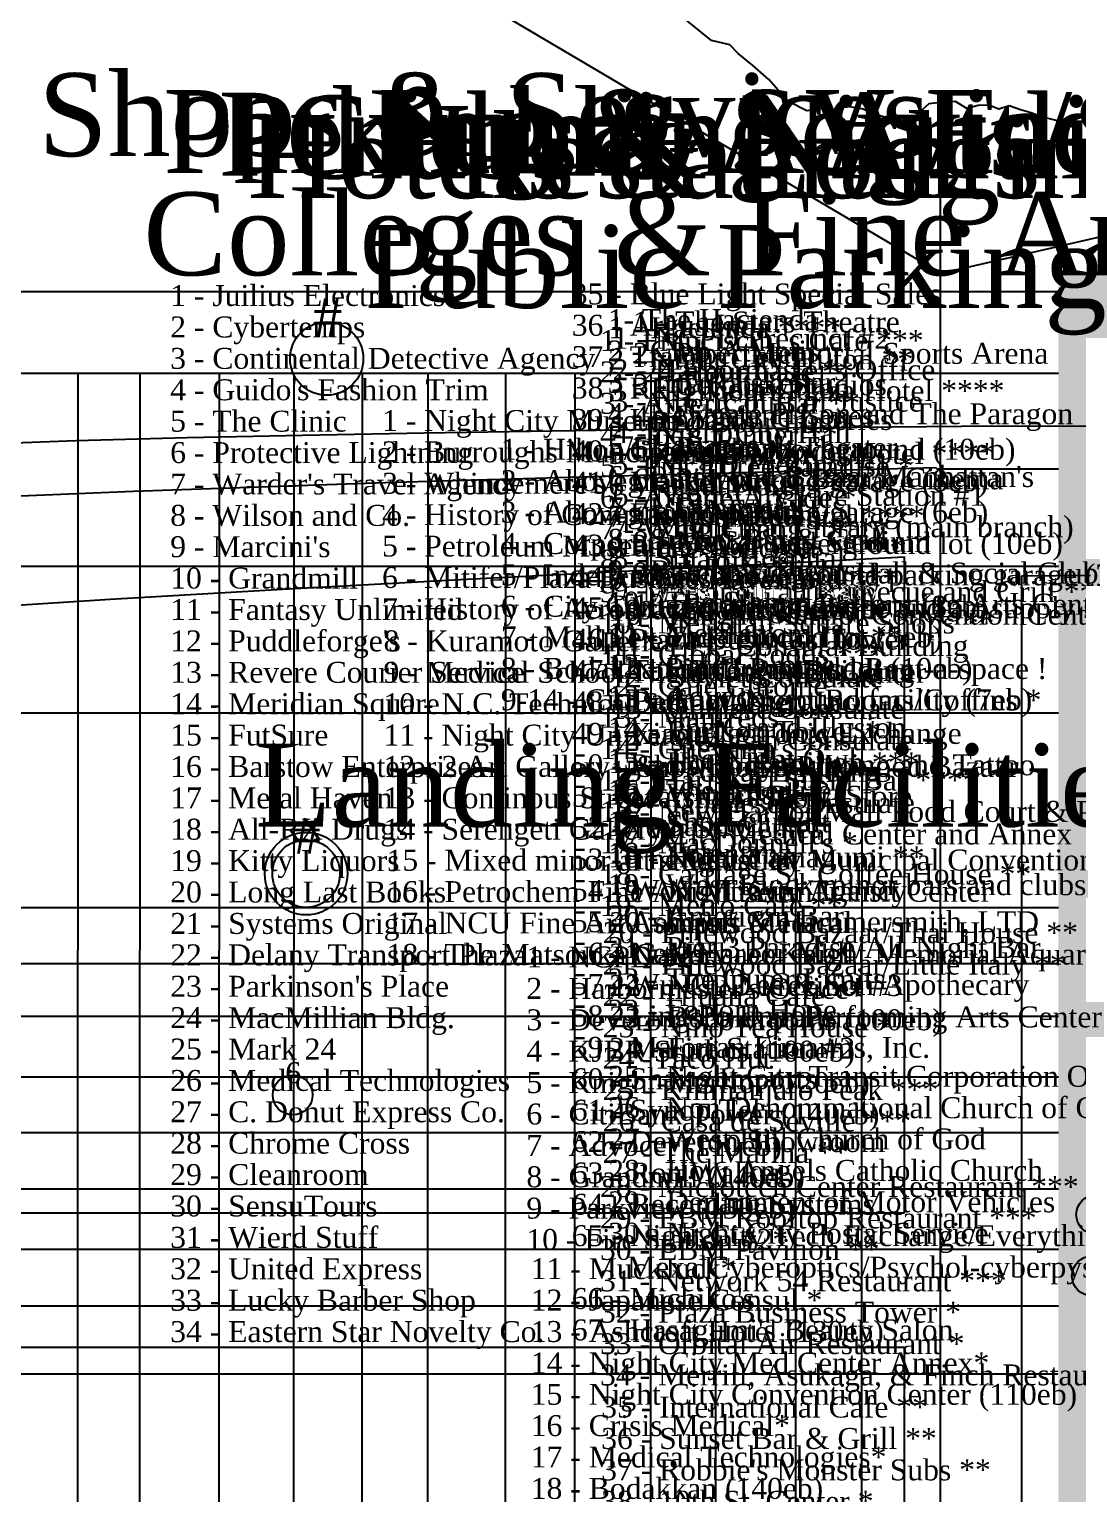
# Model space of a CAD drawing. Extents: x -15732 to 10897, y -24868 to 16165.
# Drawn here: x -592 to 392, y 4798 to 6174 of the extents above; entities that cross this region are included whole.
import ezdxf
from ezdxf.enums import TextEntityAlignment as Align

# ---------------------------------------------------------------- set-up
doc = ezdxf.new("R2010")
doc.units = 0
doc.header["$MEASUREMENT"] = 0
for name, color, linetype in [('CLUBS___NIGHT_LIFE', 7, 'CONTINUOUS'), ('COASTLINE', 7, 'CONTINUOUS'), ('COLLEGES___FINE_ARTS', 7, 'CONTINUOUS'), ('CORPORATIONS', 7, 'CONTINUOUS'), ('GANGS', 7, 'CONTINUOUS'), ('HOTEL___LODGINGS', 7, 'CONTINUOUS'), ('MAP_BORDER', 7, 'CONTINUOUS'), ('PARKING___AV_FACILITIES', 7, 'CONTINUOUS'), ('PERFORMING_ARTS_SPORTS', 7, 'CONTINUOUS'), ('PUBLIC_SERVICES', 7, 'CONTINUOUS'), ('RESTAURANTS', 7, 'CONTINUOUS'), ('SHOPS___SERVICES', 7, 'CONTINUOUS'), ('STREETS-SPRAWL', 7, 'CONTINUOUS'), ('STREETS-SPRAWL-12M', 7, 'CONTINUOUS'), ('STREETS-SPRAWL-20M', 7, 'CONTINUOUS'), ('SUBURBS', 7, 'CONTINUOUS')]:
    doc.layers.add(name, color=color, linetype=linetype)
doc.styles.add('TIMES_NEW_ROMAN', font='')
doc.styles.get('TIMES_NEW_ROMAN').set_extended_font_data('Times_New_Roman')

msp = doc.modelspace()

# ---------------------------------------------------------------- linework, layer by layer
at = {"layer": 'CLUBS___NIGHT_LIFE', "color": 7, "linetype": 'CONTINUOUS'}
msp.add_circle((409.9, 5060.3), 18.7, dxfattribs=at)
at = {"layer": 'COASTLINE', "color": 7, "linetype": 'CONTINUOUS'}
msp.add_lwpolyline([(397.1, 6069.3), (386.5, 6083), (371, 6088.4), (360.1, 6091.1), (347.7, 6095.6), (338.9, 6098), (328.1, 6101.9), (318.6, 6098.6), (309, 6102.6), (299.2, 6102.1), (288.3, 6099.4), (277.9, 6106), (266.6, 6105.4), (252.6, 6103.6), (240, 6092.2), (230, 6087.6), (219.3, 6088.7), (206.2, 6092.9), (189.9, 6099.1), (176.4, 6101.1), (162.7, 6097.8), (150.4, 6099.2), (138.3, 6097), (121.6, 6105.5), (111.3, 6116.6), (102.5, 6126.7), (87.2, 6139.9), (73.6, 6151), (65.8, 6159.2), (48.8, 6163.2), (25.9, 6181.8)], dxfattribs=at)
at = {"layer": 'CORPORATIONS', "color": 7, "linetype": 'CONTINUOUS'}
msp.add_circle((-344.5, 5172.7), 18.7, dxfattribs=at)
at = {"layer": 'GANGS', "color": 141, "linetype": 'CONTINUOUS'}
msp.add_solid([(390.8, 5246.6), (390.8, 5299), (538.4, 5246.6), (538.4, 5299)], dxfattribs=at)
at = {"layer": 'MAP_BORDER', "color": 7, "linetype": 'CONTINUOUS'}
msp.add_solid([(374.4, 4052.9), (374.4, 5943.6), (1942.2, 4052.9), (1942.2, 5943.6)], dxfattribs=at)
at = {"layer": 'PARKING___AV_FACILITIES', "color": 12, "linetype": 'CONTINUOUS'}
msp.add_circle((-312.6, 5864.4), 34.4, dxfattribs=at)
at = {"layer": 'PARKING___AV_FACILITIES', "color": 86, "linetype": 'CONTINUOUS'}
for radius in [38.8, 31.7]:
    msp.add_circle((-331.9, 5380.6), radius, dxfattribs=at)
at = {"layer": 'RESTAURANTS', "color": 7, "linetype": 'CONTINUOUS'}
msp.add_circle((405.8, 5002.7), 18.7, dxfattribs=at)
at = {"layer": 'STREETS-SPRAWL', "color": 7, "linetype": 'CONTINUOUS'}
for p, q in [((-335.2, 5792.3), (-443.7, 5789.9)), ((-221.2, 5794.3), (-335.2, 5792.3)), ((-101.1, 5796.2), (-221.2, 5794.3)), ((24, 5798), (-101.1, 5796.2)), ((152.6, 5799.5), (24, 5798)), ((283.3, 5800.5), (152.6, 5799.5)), ((414.4, 5801), (283.3, 5800.5)), ((-547.9, 5787), (-648.8, 5783.3)), ((-443.7, 5789.9), (-547.9, 5787)), ((-16.1, 5665.7), (157.2, 5674.4)), ((157.2, 5674.4), (229.9, 5678.1)), ((229.9, 5062.1), (229.9, 5678.1)), ((-354.1, 5647.8), (-187.1, 5656.8)), ((-187.1, 5656.8), (-16.1, 5665.7)), ((340.1, 5660.2), (404.4, 5660.9)), ((340.1, 3780.7), (340.1, 5660.2)), ((-515.8, 5638.4), (-354.1, 5647.8)), ((-670.4, 5628.7), (-515.8, 5638.4)), ((-960.9, 5062.1), (229.9, 5062.1)), ((-960.9, 4935.8), (229.9, 4935.8)), ((229.9, 3780.7), (229.9, 4935.8))]:
    msp.add_line(p, q, dxfattribs=at)
at = {"layer": 'STREETS-SPRAWL-12M', "color": 253, "linetype": 'CONTINUOUS'}
for p, q in [((374.4, 5927), (-1054.9, 5927)), ((374.4, 5850.5), (-1054.9, 5850.5)), ((-546.3, 5850.5), (-546.9, 3700.6)), ((-488, 5850.5), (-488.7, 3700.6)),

• [Work request]: You are asked to output the records precisely as they appear, minus any pictures.

• [The answer]:
# Model space of a CAD drawing. Extents: x -15732 to 10897, y -24868 to 16165.
# Drawn here: x -592 to 392, y 4798 to 6174 of the extents above; entities that cross this region are included whole.
import ezdxf
from ezdxf.enums import TextEntityAlignment as Align

# ---------------------------------------------------------------- set-up
doc = ezdxf.new("R2010")
doc.units = 0
doc.header["$MEASUREMENT"] = 0
for name, color, linetype in [('CLUBS___NIGHT_LIFE', 7, 'CONTINUOUS'), ('COASTLINE', 7, 'CONTINUOUS'), ('COLLEGES___FINE_ARTS', 7, 'CONTINUOUS'), ('CORPORATIONS', 7, 'CONTINUOUS'), ('GANGS', 7, 'CONTINUOUS'), ('HOTEL___LODGINGS', 7, 'CONTINUOUS'), ('MAP_BORDER', 7, 'CONTINUOUS'), ('PARKING___AV_FACILITIES', 7, 'CONTINUOUS'), ('PERFORMING_ARTS_SPORTS', 7, 'CONTINUOUS'), ('PUBLIC_SERVICES', 7, 'CONTINUOUS'), ('RESTAURANTS', 7, 'CONTINUOUS'), ('SHOPS___SERVICES', 7, 'CONTINUOUS'), ('STREETS-SPRAWL', 7, 'CONTINUOUS'), ('STREETS-SPRAWL-12M', 7, 'CONTINUOUS'), ('STREETS-SPRAWL-20M', 7, 'CONTINUOUS'), ('SUBURBS', 7, 'CONTINUOUS')]:
    doc.layers.add(name, color=color, linetype=linetype)
doc.styles.add('TIMES_NEW_ROMAN', font='')
doc.styles.get('TIMES_NEW_ROMAN').set_extended_font_data('Times_New_Roman')

msp = doc.modelspace()

# ---------------------------------------------------------------- linework, layer by layer
at = {"layer": 'CLUBS___NIGHT_LIFE', "color": 7, "linetype": 'CONTINUOUS'}
msp.add_circle((409.9, 5060.3), 18.7, dxfattribs=at)
at = {"layer": 'COASTLINE', "color": 7, "linetype": 'CONTINUOUS'}
msp.add_lwpolyline([(397.1, 6069.3), (386.5, 6083), (371, 6088.4), (360.1, 6091.1), (347.7, 6095.6), (338.9, 6098), (328.1, 6101.9), (318.6, 6098.6), (309, 6102.6), (299.2, 6102.1), (288.3, 6099.4), (277.9, 6106), (266.6, 6105.4), (252.6, 6103.6), (240, 6092.2), (230, 6087.6), (219.3, 6088.7), (206.2, 6092.9), (189.9, 6099.1), (176.4, 6101.1), (162.7, 6097.8), (150.4, 6099.2), (138.3, 6097), (121.6, 6105.5), (111.3, 6116.6), (102.5, 6126.7), (87.2, 6139.9), (73.6, 6151), (65.8, 6159.2), (48.8, 6163.2), (25.9, 6181.8)], dxfattribs=at)
at = {"layer": 'CORPORATIONS', "color": 7, "linetype": 'CONTINUOUS'}
msp.add_circle((-344.5, 5172.7), 18.7, dxfattribs=at)
at = {"layer": 'GANGS', "color": 141, "linetype": 'CONTINUOUS'}
msp.add_solid([(390.8, 5246.6), (390.8, 5299), (538.4, 5246.6), (538.4, 5299)], dxfattribs=at)
at = {"layer": 'MAP_BORDER', "color": 7, "linetype": 'CONTINUOUS'}
msp.add_solid([(374.4, 4052.9), (374.4, 5943.6), (1942.2, 4052.9), (1942.2, 5943.6)], dxfattribs=at)
at = {"layer": 'PARKING___AV_FACILITIES', "color": 12, "linetype": 'CONTINUOUS'}
msp.add_circle((-312.6, 5864.4), 34.4, dxfattribs=at)
at = {"layer": 'PARKING___AV_FACILITIES', "color": 86, "linetype": 'CONTINUOUS'}
for radius in [38.8, 31.7]:
    msp.add_circle((-331.9, 5380.6), radius, dxfattribs=at)
at = {"layer": 'RESTAURANTS', "color": 7, "linetype": 'CONTINUOUS'}
msp.add_circle((405.8, 5002.7), 18.7, dxfattribs=at)
at = {"layer": 'STREETS-SPRAWL', "color": 7, "linetype": 'CONTINUOUS'}
for p, q in [((-335.2, 5792.3), (-443.7, 5789.9)), ((-221.2, 5794.3), (-335.2, 5792.3)), ((-101.1, 5796.2), (-221.2, 5794.3)), ((24, 5798), (-101.1, 5796.2)), ((152.6, 5799.5), (24, 5798)), ((283.3, 5800.5), (152.6, 5799.5)), ((414.4, 5801), (283.3, 5800.5)), ((-547.9, 5787), (-648.8, 5783.3)), ((-443.7, 5789.9), (-547.9, 5787)), ((-16.1, 5665.7), (157.2, 5674.4)), ((157.2, 5674.4), (229.9, 5678.1)), ((229.9, 5062.1), (229.9, 5678.1)), ((-354.1, 5647.8), (-187.1, 5656.8)), ((-187.1, 5656.8), (-16.1, 5665.7)), ((340.1, 5660.2), (404.4, 5660.9)), ((340.1, 3780.7), (340.1, 5660.2)), ((-515.8, 5638.4), (-354.1, 5647.8)), ((-670.4, 5628.7), (-515.8, 5638.4)), ((-960.9, 5062.1), (229.9, 5062.1)), ((-960.9, 4935.8), (229.9, 4935.8)), ((229.9, 3780.7), (229.9, 4935.8))]:
    msp.add_line(p, q, dxfattribs=at)
at = {"layer": 'STREETS-SPRAWL-12M', "color": 253, "linetype": 'CONTINUOUS'}
for p, q in [((374.4, 5927), (-1054.9, 5927)), ((374.4, 5850.5), (-1054.9, 5850.5)), ((-546.3, 5850.5), (-546.9, 3700.6)), ((-488, 5850.5), (-488.7, 3700.6)),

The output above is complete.